I will be using data from a public dataset that includes data from 30 Fitbit users. I will be focusing on the daily values and weight log for this data.
I need to install several packages to ensure that I can analyze the data.
install.packages("tidyverse")
## Installing package into '/cloud/lib/x86_64-pc-linux-gnu-library/4.2'
## (as 'lib' is unspecified)
install.packages("ggplot2")
## Installing package into '/cloud/lib/x86_64-pc-linux-gnu-library/4.2'
## (as 'lib' is unspecified)
install.packages("here")
## Installing package into '/cloud/lib/x86_64-pc-linux-gnu-library/4.2'
## (as 'lib' is unspecified)
install.packages("janitor")
## Installing package into '/cloud/lib/x86_64-pc-linux-gnu-library/4.2'
## (as 'lib' is unspecified)
install.packages("skimr")
## Installing package into '/cloud/lib/x86_64-pc-linux-gnu-library/4.2'
## (as 'lib' is unspecified)
install.packages("plyr")
## Installing package into '/cloud/lib/x86_64-pc-linux-gnu-library/4.2'
## (as 'lib' is unspecified)
install.packages("dplyr")
## Installing package into '/cloud/lib/x86_64-pc-linux-gnu-library/4.2'
## (as 'lib' is unspecified)
install.packages("readr")
## Installing package into '/cloud/lib/x86_64-pc-linux-gnu-library/4.2'
## (as 'lib' is unspecified)
install.packages("purrr")
## Installing package into '/cloud/lib/x86_64-pc-linux-gnu-library/4.2'
## (as 'lib' is unspecified)
install.packages("tidyr")
## Installing package into '/cloud/lib/x86_64-pc-linux-gnu-library/4.2'
## (as 'lib' is unspecified)
install.packages("tibble")
## Installing package into '/cloud/lib/x86_64-pc-linux-gnu-library/4.2'
## (as 'lib' is unspecified)
library(tidyverse)
## ── Attaching core tidyverse packages ──────────────────────── tidyverse 2.0.0 ──
## ✔ dplyr 1.1.1 ✔ readr 2.1.4
## ✔ forcats 1.0.0 ✔ stringr 1.5.0
## ✔ ggplot2 3.4.1 ✔ tibble 3.2.1
## ✔ lubridate 1.9.2 ✔ tidyr 1.3.0
## ✔ purrr 1.0.1
## ── Conflicts ────────────────────────────────────────── tidyverse_conflicts() ──
## ✖ dplyr::filter() masks stats::filter()
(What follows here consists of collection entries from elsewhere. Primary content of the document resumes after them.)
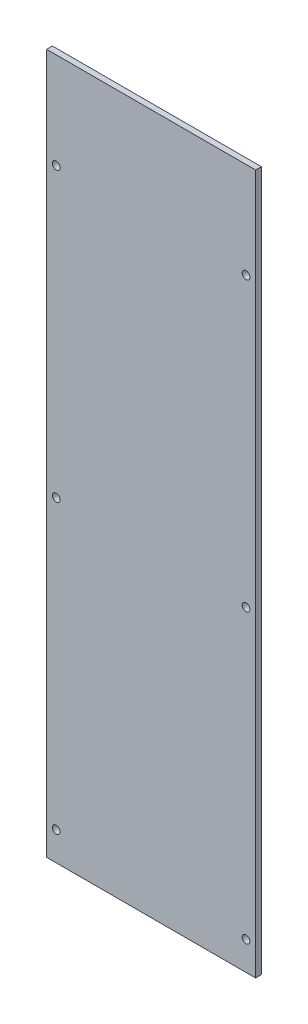
SolidWorks part; units mm, degrees
material "Acrylic (Medium-high impact)"
ref_plane "Front Plane" through (0, 0, 0) normal (0, 0, 1) x (1, 0, 0)
ref_plane "Top Plane" through (0, 0, 0) normal (0, 1, 0) x (1, 0, 0)
ref_plane "Right Plane" through (0, 0, 0) normal (1, 0, 0) x (0, 0, -1)
sketch "Sketch2" plane through (0, 0, 0) normal (0, 0, 1) x (1, 0, 0)
  line L0 (-49.5, 135) -> (-49.5, 185) construction
  line L1 (49.5, 135) -> (49.5, 185) construction
  line L2 (-54.5, 185) -> (54.5, 185)
  line L3 (0, -175) -> (0, -185) construction
  line L4 (54.5, -180) -> (-54.5, -180)
  line L5 (54.5, 185) -> (54.5, -180)
  line L6 (-54.5, 185) -> (-54.5, -180)
  circle A0 centre (-49.5, -165) radius 2
  circle A1 centre (49.5, -165) radius 2
  circle A2 centre (-49.5, -15) radius 2
  circle A3 centre (49.5, -15) radius 2
  circle A4 centre (-49.5, 135) radius 2
  circle A5 centre (49.5, 135) radius 2
  point P7 (0, 185)
  point P12 (0, -180)
  dimension "D3" = 4
  dimension "D1" = 5
  dimension "D2" = 5
  dimension "D4" = 49.5
  dimension "D5" = 135
  dimension "D6" = 185
  dimension "D7" = 15
  dimension "D8" = 165
  dimension "D9" = 180
extrude "Boss-Extrude1" add sketch "Sketch2" along normal blind 3

## ✖ dplyr::lag() masks stats::lag()
## ℹ Use the ]8;;http://conflicted.r-lib.org/conflicted package]8;; to force all conflicts to become errors
library(ggplot2)
library(here)
## here() starts at /cloud/project
library(janitor)
##
## Attaching package: 'janitor'
##
## The following objects are masked from 'package:stats':
##
## chisq.test, fisher.test
library(skimr)
library(plyr)
## ------------------------------------------------------------------------------
## You have loaded plyr after dplyr - this is likely to cause problems.
## If you need functions from both plyr and dplyr, please load plyr first, then dplyr:
## library(plyr); library(dplyr)
## ------------------------------------------------------------------------------
##
## Attaching package: 'plyr'
##
## The following object is masked from 'package:here':
##
## here
##
## The following objects are masked from 'package:dplyr':
##
## arrange, count, desc, failwith, id, mutate, rename, summarise,
## summarize
##
## The following object is masked from 'package:purrr':
##
## compact
library(dplyr)
library(readr)
library(purrr)
library(tidyr)
library(tibble)
FitBit Fitness Tracker Data
library(readr)
activity <- read_csv("Fitabase Data 4.12.16-5.12.16/dailyActivity_merged.csv")
## Rows: 940 Columns: 15
## ── Column specification ────────────────────────────────────────────────────────
## Delimiter: ","
## chr (1): ActivityDate
## dbl (14): Id, TotalSteps, TotalDistance, TrackerDistance, LoggedActivitiesDi...
##
## ℹ Use `spec()` to retrieve the full column specification for this data.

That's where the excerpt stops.